The centralized task queue (the default given to you) can lead to deep recursion depths. If your code is segmentation faulting on large inputs sizes for small grainsizes, it is likely running out of the per-thread stack space (it took me a long time to debug this problem when I first encountered it). You can eiter up the size of the stack (in ppp.C), use a larger grainsize, etc.

What to Turn In

Print out the following to bring to class on the final due date:

Insightful writeup. The goal of this assignment is to get you to think more deeply about the various lock primitives choices and implementations. The role of the writeup is to convince with that you learned something by saying insightful things in the writeup. I'm not looking for lots of prose, but lots of insight described tersely.
Graphs. Include the graphs described above (one for parts 1-3, another for part 4, and one or more additional graphs for either Part 4 or Part 5. Label the x-axis and y-axis on all graphs. Give each graph a descriptive title. Make sure to use different symbols or dot/dash patterns to clearly identify which data is which.
Your code. Print out your code, but just the modified files:
- TaskGroup.C (part 3)
- parallel_for.h (part 4)
- parallel_reduce.h (part 5)

Disclaimer

It is quite likely that the code I gave you will have bugs in it. It is a small amount of code, but tricky code and parallel code is difficult to test. I've done what I can to test it, but if something odd is happening it could be a bug in the code I wrote.

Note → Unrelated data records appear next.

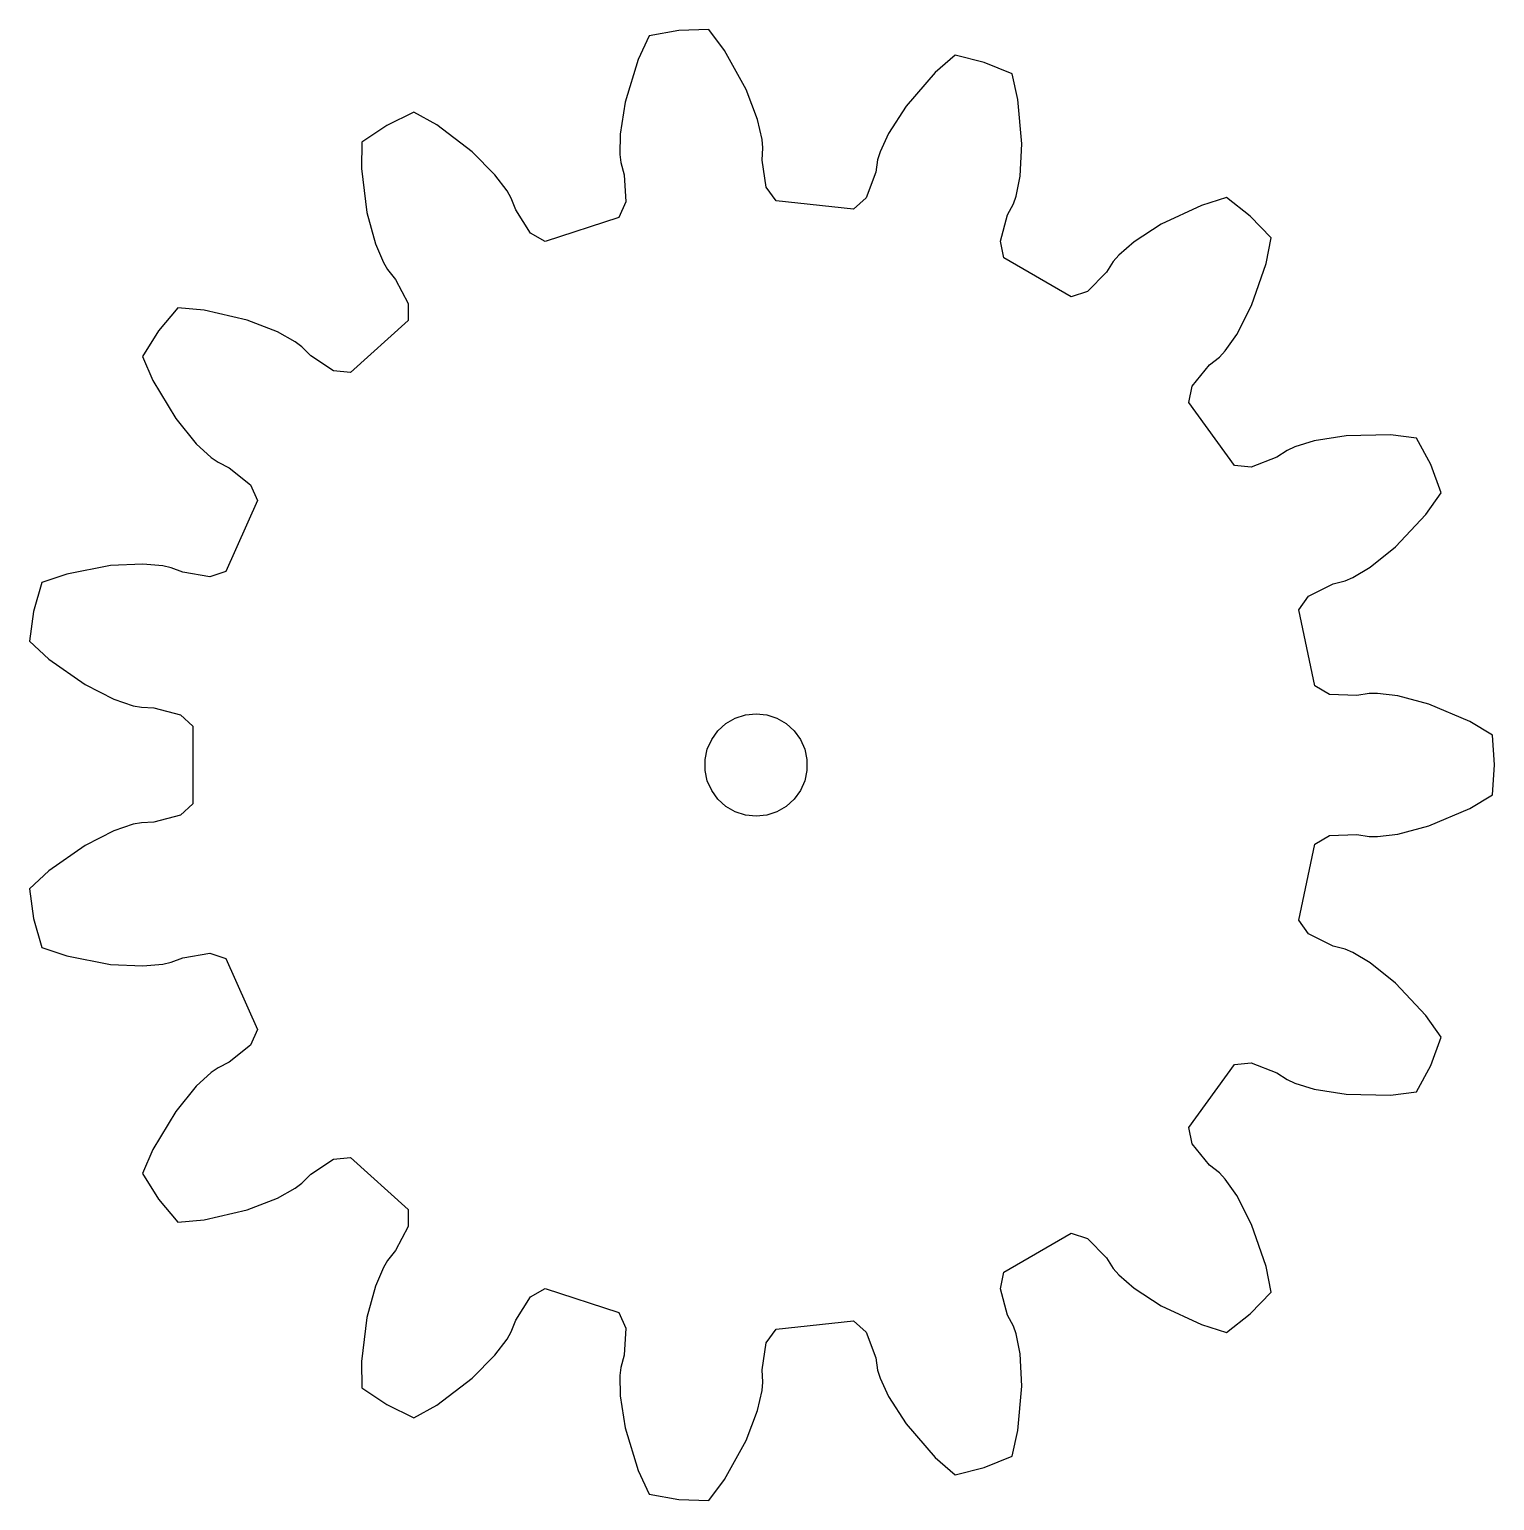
# Model space of a CAD drawing. Header units: metres. Extents: x -21.3 to 21.6, y -21.6 to 21.6.
import ezdxf

# ---------------------------------------------------------------- set-up
doc = ezdxf.new("R2010")
doc.units = ezdxf.units.M

msp = doc.modelspace()

# ---------------------------------------------------------------- linework, layer by layer
for p, q in [((-3.13, 21.373), (-3.454, 20.675)), ((-2.263, 21.526), (-3.13, 21.373)), ((-1.382, 21.557), (-2.263, 21.526)), ((-0.92, 20.941), (-1.382, 21.557)), ((-0.291, 19.801), (-0.92, 20.941)), ((5.834, 20.799), (5.253, 20.292)), ((6.689, 20.586), (5.834, 20.799)), ((-3.454, 20.675), (-3.832, 19.429)), ((5.253, 20.292), (4.401, 19.308)), ((7.506, 20.256), (6.689, 20.586)), ((7.677, 19.505), (7.506, 20.256)), ((-3.832, 19.429), (-3.979, 18.491)), ((0.047, 18.914), (-0.291, 19.801)), ((7.788, 18.208), (7.677, 19.505)), ((-10.031, 19.131), (-10.823, 18.745)), ((-9.358, 18.757), (-10.031, 19.131)), ((4.401, 19.308), (3.886, 18.511)), ((-10.823, 18.745), (-11.553, 18.252)), ((-8.32, 17.971), (-9.358, 18.757)), ((0.18, 18.333), (0.047, 18.914)), ((-11.553, 18.252), (-11.565, 17.482)), ((-3.979, 18.491), (-3.988, 17.895)), ((0.201, 18.091), (0.18, 18.333)), ((3.886, 18.511), (3.635, 17.97)), ((7.737, 17.26), (7.788, 18.208)), ((-7.65, 17.299), (-8.32, 17.971)), ((-3.988, 17.895), (-3.958, 17.654)), ((0.181, 17.725), (0.201, 18.091)), ((0.3, 16.932), (0.181, 17.725)), ((3.565, 17.737), (3.508, 17.375)), ((3.635, 17.97), (3.565, 17.737)), ((-11.565, 17.482), (-11.404, 16.19)), ((-7.292, 16.822), (-7.65, 17.299)), ((-3.958, 17.654), (-3.862, 17.3)), ((-3.862, 17.3), (-3.814, 16.5)), ((3.508, 17.375), (3.227, 16.625)), ((7.622, 16.675), (7.737, 17.26)), ((-7.174, 16.609), (-7.292, 16.822)), ((0.593, 16.531), (0.3, 16.932)), ((-7.044, 16.266), (-7.174, 16.609)), ((-3.814, 16.5), (-4.017, 16.046)), ((2.857, 16.293), (0.593, 16.531)), ((3.227, 16.625), (2.857, 16.293)), ((7.375, 16.119), (7.542, 16.445)), ((7.542, 16.445), (7.622, 16.675)), ((13.053, 16.401), (11.874, 15.849)), ((13.789, 16.628), (13.053, 16.401)), ((14.483, 16.085), (13.789, 16.628)), ((-11.404, 16.19), (-11.156, 15.274)), ((-6.613, 15.591), (-7.044, 16.266)), ((-4.017, 16.046), (-6.182, 15.343)), ((7.161, 15.347), (7.375, 16.119)), ((15.095, 15.452), (14.483, 16.085)), ((-6.182, 15.343), (-6.613, 15.591)), ((11.874, 15.849), (11.079, 15.33)), ((-11.156, 15.274), (-10.922, 14.726)), ((7.265, 14.861), (7.161, 15.347)), ((11.079, 15.33), (10.63, 14.938)), ((14.947, 14.696), (15.095, 15.452)), ((-10.922, 14.726), (-10.796, 14.518)), ((9.237, 13.722), (7.265, 14.861)), ((10.471, 14.754), (10.272, 14.446)), ((10.63, 14.938), (10.471, 14.754)), ((14.521, 13.466), (14.947, 14.696)), ((-10.796, 14.518), (-10.565, 14.233)), ((-10.565, 14.233), (-10.195, 13.522)), ((10.272, 14.446), (9.71, 13.875)), ((9.71, 13.875), (9.237, 13.722)), ((-16.945, 13.398), (-17.511, 12.723)), ((-16.178, 13.329), (-16.945, 13.398)), ((-10.195, 13.522), (-10.196, 13.025)), ((14.088, 12.621), (14.521, 13.466)), ((-14.91, 13.033), (-16.178, 13.329)), ((-14.024, 12.692), (-14.91, 13.033)), ((-10.196, 13.025), (-11.888, 11.502)), ((-17.511, 12.723), (-17.978, 11.975)), ((-13.504, 12.401), (-14.024, 12.692)), ((13.745, 12.133), (14.088, 12.621)), ((-13.31, 12.255), (-13.504, 12.401)), ((-13.051, 11.995), (-13.31, 12.255)), ((13.579, 11.956), (13.745, 12.133)), ((-17.978, 11.975), (-17.676, 11.267)), ((-12.383, 11.553), (-13.051, 11.995)), ((12.784, 11.107), (13.293, 11.726)), ((13.293, 11.726), (13.579, 11.956)), ((-17.676, 11.267), (-17.003, 10.152)), ((-11.888, 11.502), (-12.383, 11.553)), ((12.681, 10.621), (12.784, 11.107)), ((14.02, 8.779), (12.681, 10.621)), ((-17.003, 10.152), (-16.404, 9.416)), ((16.357, 9.498), (15.787, 9.323)), ((17.294, 9.649), (16.357, 9.498)), ((18.595, 9.674), (17.294, 9.649)), ((19.36, 9.582), (18.595, 9.674)), ((19.774, 8.804), (19.36, 9.582)), ((-16.404, 9.416), (-15.967, 9.01)), ((15.567, 9.22), (15.26, 9.019)), ((15.787, 9.323), (15.567, 9.22)), ((-15.967, 9.01), (-15.768, 8.871)), ((-15.768, 8.871), (-15.441, 8.706)), ((-15.441, 8.706), (-14.814, 8.206)), ((14.514, 8.726), (14.02, 8.779)), ((15.26, 9.019), (14.514, 8.726)), ((20.075, 7.976), (19.774, 8.804)), ((-14.814, 8.206), (-14.612, 7.752)), ((19.632, 7.346), (20.075, 7.976)), ((-14.612, 7.752), (-15.539, 5.672)), ((18.742, 6.395), (19.632, 7.346)), ((18.003, 5.8), (18.742, 6.395)), ((-18.922, 5.842), (-20.2, 5.597)), ((-17.974, 5.89), (-18.922, 5.842)), ((-17.38, 5.837), (-17.974, 5.89)), ((-17.143, 5.782), (-17.38, 5.837)), ((-16.801, 5.65), (-17.143, 5.782)), ((-16.011, 5.518), (-16.801, 5.65)), ((-15.539, 5.672), (-16.011, 5.518)), ((17.492, 5.494), (18.003, 5.8)), ((-20.929, 5.347), (-21.172, 4.5)), ((-20.2, 5.597), (-20.929, 5.347)), ((16.196, 4.947), (16.913, 5.305)), ((16.913, 5.305), (17.268, 5.399)), ((17.268, 5.399), (17.492, 5.494)), ((15.905, 4.545), (16.196, 4.947)), ((-21.172, 4.5), (-21.295, 3.628)), ((16.378, 2.317), (15.905, 4.545)), ((-21.295, 3.628), (-20.73, 3.104)), ((-20.73, 3.104), (-19.662, 2.359)), ((-19.662, 2.359), (-18.816, 1.93)), ((16.808, 2.068), (16.378, 2.317)), ((-18.816, 1.93), (-18.252, 1.737)), ((-18.252, 1.737), (-18.013, 1.691)), ((17.609, 2.033), (16.808, 2.068)), ((17.971, 2.091), (17.609, 2.033)), ((18.214, 2.096), (17.971, 2.091)), ((18.806, 2.024), (18.214, 2.096)), ((19.723, 1.781), (18.806, 2.024)), ((20.923, 1.274), (19.723, 1.781)), ((-18.013, 1.691), (-17.647, 1.673)), ((-17.647, 1.673), (-16.871, 1.472)), ((-16.871, 1.472), (-16.502, 1.139)), ((-0.882, 1.214), (-0.61, 1.37)), ((-0.61, 1.37), (-0.312, 1.467)), ((-0.312, 1.467), (0, 1.5)), ((0, 1.5), (0.312, 1.467)), ((0.312, 1.467), (0.61, 1.37)), ((0.61, 1.37), (0.882, 1.214)), ((-16.502, 1.139), (-16.502, -1.139)), ((-1.299, 0.75), (-1.115, 1.004)), ((-1.115, 1.004), (-0.882, 1.214)), ((0.882, 1.214), (1.115, 1.004)), ((1.115, 1.004), (1.299, 0.75)), ((21.584, 0.879), (20.923, 1.274)), ((21.645, 0), (21.584, 0.879)), ((-1.492, 0.157), (-1.427, 0.464)), ((-1.427, 0.464), (-1.299, 0.75)), ((1.299, 0.75), (1.427, 0.464)), ((1.427, 0.464), (1.492, 0.157)), ((-1.492, -0.157), (-1.492, 0.157)), ((1.492, 0.157), (1.492, -0.157)), ((-1.427, -0.464), (-1.492, -0.157)), ((1.492, -0.157), (1.427, -0.464)), ((21.584, -0.879), (21.645, 0)), ((-1.299, -0.75), (-1.427, -0.464)), ((-1.115, -1.004), (-1.299, -0.75)), ((1.299, -0.75), (1.115, -1.004)), ((1.427, -0.464), (1.299, -0.75)), ((-16.502, -1.139), (-16.871, -1.472)), ((-0.882, -1.214), (-1.115, -1.004)), ((-0.61, -1.37), (-0.882, -1.214)), ((0.882, -1.214), (0.61, -1.37)), ((1.115, -1.004), (0.882, -1.214)), ((19.723, -1.781), (20.923, -1.274)), ((20.923, -1.274), (21.584, -0.879)), ((-18.013, -1.691), (-18.252, -1.737)), ((-17.647, -1.673), (-18.013, -1.691)), ((-16.871, -1.472), (-17.647, -1.673)), ((-0.312, -1.467), (-0.61, -1.37)), ((0, -1.5), (-0.312, -1.467)), ((0.312, -1.467), (0, -1.5)), ((0.61, -1.37), (0.312, -1.467)), ((-18.816, -1.93), (-19.662, -2.359)), ((-18.252, -1.737), (-18.816, -1.93)), ((16.378, -2.317), (16.808, -2.068)), ((16.808, -2.068), (17.609, -2.033)), ((17.609, -2.033), (17.971, -2.091)), ((17.971, -2.091), (18.214, -2.096)), ((18.214, -2.096), (18.806, -2.024)), ((18.806, -2.024), (19.723, -1.781)), ((-19.662, -2.359), (-20.73, -3.104)), ((15.905, -4.545), (16.378, -2.317)), ((-20.73, -3.104), (-21.295, -3.628)), ((-21.295, -3.628), (-21.172, -4.5)), ((-21.172, -4.5), (-20.929, -5.347)), ((16.196, -4.947), (15.905, -4.545)), ((16.913, -5.305), (16.196, -4.947)), ((-20.929, -5.347), (-20.2, -5.597)), ((-20.2, -5.597), (-18.922, -5.842)), ((-16.801, -5.65), (-16.011, -5.518)), ((-16.011, -5.518), (-15.539, -5.672)), ((17.268, -5.399), (16.913, -5.305)), ((17.492, -5.494), (17.268, -5.399)), ((18.003, -5.8), (17.492, -5.494)), ((-18.922, -5.842), (-17.974, -5.89)), ((-17.974, -5.89), (-17.38, -5.837)), ((-17.38, -5.837), (-17.143, -5.782)), ((-17.143, -5.782), (-16.801, -5.65)), ((-15.539, -5.672), (-14.612, -7.752)), ((18.742, -6.395), (18.003, -5.8)), ((19.632, -7.346), (18.742, -6.395)), ((-14.612, -7.752), (-14.814, -8.206)), ((20.075, -7.976), (19.632, -7.346)), ((19.774, -8.804), (20.075, -7.976)), ((-14.814, -8.206), (-15.441, -8.706)), ((-15.967, -9.01), (-16.404, -9.416)), ((-15.768, -8.871), (-15.967, -9.01)), ((-15.441, -8.706), (-15.768, -8.871)), ((12.681, -10.621), (14.02, -8.779)), ((14.02, -8.779), (14.514, -8.726)), ((14.514, -8.726), (15.26, -9.019)), ((15.26, -9.019), (15.567, -9.22)), ((19.36, -9.582), (19.774, -8.804)), ((-16.404, -9.416), (-17.003, -10.152)), ((15.567, -9.22), (15.787, -9.323)), ((15.787, -9.323), (16.357, -9.498)), ((16.357, -9.498), (17.294, -9.649)), ((17.294, -9.649), (18.595, -9.674)), ((18.595, -9.674), (19.36, -9.582)), ((-17.003, -10.152), (-17.676, -11.267)), ((12.784, -11.107), (12.681, -10.621)), ((13.293, -11.726), (12.784, -11.107)), ((-17.676, -11.267), (-17.978, -11.975)), ((-13.051, -11.995), (-12.383, -11.553)), ((-12.383, -11.553), (-11.888, -11.502)), ((-11.888, -11.502), (-10.196, -13.025)), ((-17.978, -11.975), (-17.511, -12.723)), ((-13.31, -12.255), (-13.051, -11.995)), ((13.579, -11.956), (13.293, -11.726)), ((13.745, -12.133), (13.579, -11.956)), ((-14.024, -12.692), (-13.504, -12.401)), ((-13.504, -12.401), (-13.31, -12.255)), ((14.088, -12.621), (13.745, -12.133)), ((-17.511, -12.723), (-16.945, -13.398)), ((-14.91, -13.033), (-14.024, -12.692)), ((14.521, -13.466), (14.088, -12.621)), ((-16.945, -13.398), (-16.178, -13.329)), ((-16.178, -13.329), (-14.91, -13.033)), ((-10.196, -13.025), (-10.195, -13.522)), ((-10.195, -13.522), (-10.565, -14.233)), ((7.265, -14.861), (9.237, -13.722)), ((9.237, -13.722), (9.71, -13.875)), ((14.947, -14.696), (14.521, -13.466)), ((9.71, -13.875), (10.272, -14.446)), ((-10.796, -14.518), (-10.922, -14.726)), ((-10.565, -14.233), (-10.796, -14.518)), ((10.272, -14.446), (10.471, -14.754)), ((-10.922, -14.726), (-11.156, -15.274)), ((7.161, -15.347), (7.265, -14.861)), ((10.471, -14.754), (10.63, -14.938)), ((10.63, -14.938), (11.079, -15.33)), ((15.095, -15.452), (14.947, -14.696)), ((-11.156, -15.274), (-11.404, -16.19)), ((-6.613, -15.591), (-6.182, -15.343)), ((-6.182, -15.343), (-4.017, -16.046)), ((7.375, -16.119), (7.161, -15.347)), ((11.079, -15.33), (11.874, -15.849)), ((14.483, -16.085), (15.095, -15.452)), ((-7.044, -16.266), (-6.613, -15.591)), ((11.874, -15.849), (13.053, -16.401)), ((-11.404, -16.19), (-11.565, -17.482)), ((-7.174, -16.609), (-7.044, -16.266)), ((-4.017, -16.046), (-3.814, -16.5)), ((0.593, -16.531), (2.857, -16.293)), ((2.857, -16.293), (3.227, -16.625)), ((7.542, -16.445), (7.375, -16.119)), ((13.789, -16.628), (14.483, -16.085)), ((-7.292, -16.822), (-7.174, -16.609)), ((-3.814, -16.5), (-3.862, -17.3)), ((0.3, -16.932), (0.593, -16.531)), ((3.227, -16.625), (3.508, -17.375)), ((7.622, -16.675), (7.542, -16.445)), ((7.737, -17.26), (7.622, -16.675)), ((13.053, -16.401), (13.789, -16.628)), ((-7.65, -17.299), (-7.292, -16.822)), ((0.181, -17.725), (0.3, -16.932)), ((-11.565, -17.482), (-11.553, -18.252)), ((-8.32, -17.971), (-7.65, -17.299)), ((-3.958, -17.654), (-3.988, -17.895)), ((-3.862, -17.3), (-3.958, -17.654)), ((3.508, -17.375), (3.565, -17.737)), ((7.788, -18.208), (7.737, -17.26)), ((-9.358, -18.757), (-8.32, -17.971)), ((-3.988, -17.895), (-3.979, -18.491)), ((0.18, -18.333), (0.201, -18.091)), ((0.201, -18.091), (0.181, -17.725)), ((3.565, -17.737), (3.635, -17.97)), ((3.635, -17.97), (3.886, -18.511)), ((-11.553, -18.252), (-10.823, -18.745)), ((-3.979, -18.491), (-3.832, -19.429)), ((0.047, -18.914), (0.18, -18.333)), ((3.886, -18.511), (4.401, -19.308)), ((7.677, -19.505), (7.788, -18.208)), ((-10.823, -18.745), (-10.031, -19.131)), ((-10.031, -19.131), (-9.358, -18.757)), ((-0.291, -19.801), (0.047, -18.914)), ((4.401, -19.308), (5.253, -20.292)), ((-3.832, -19.429), (-3.454, -20.675)), ((-0.92, -20.941), (-0.291, -19.801)), ((7.506, -20.256), (7.677, -19.505)), ((6.689, -20.586), (7.506, -20.256)), ((-3.454, -20.675), (-3.13, -21.373)), ((5.253, -20.292), (5.834, -20.799)), ((5.834, -20.799), (6.689, -20.586)), ((-1.382, -21.557), (-0.92, -20.941)), ((-3.13, -21.373), (-2.263, -21.526)), ((-2.263, -21.526), (-1.382, -21.557))]:
    msp.add_line(p, q)

doc.saveas('drawing.dxf')

I haven't collected data for these configurations. Thus, I don't know if the data is actually going to be interesting or not. It could be that four cores isn't enough to show much of anything. In that case, I might end up asking you all to collect the data for the first parts on the few larger machines we have.

Addendum

[March 31] Updated the PPPv3 code to display the grainsize with the output

Retrospective

After assigning and grading this assignment, a few things to consider correcting in future years:

For the "reduce" operation, I had a version in mind that used neither locking nor per-thread accumulators. Of course, using a lock to protect a global counter for each coarse-grained task might also perform well, but it wasn't what I had in mind. The assignment should be clarified to give the students more guidance.
I didn't explicitly say that the work stealing should just be random. Instead, students used all sorts of round-robin or other stealing. At least one used "always steal from queue zero", which caused lots of problems (it just doesn't work so well).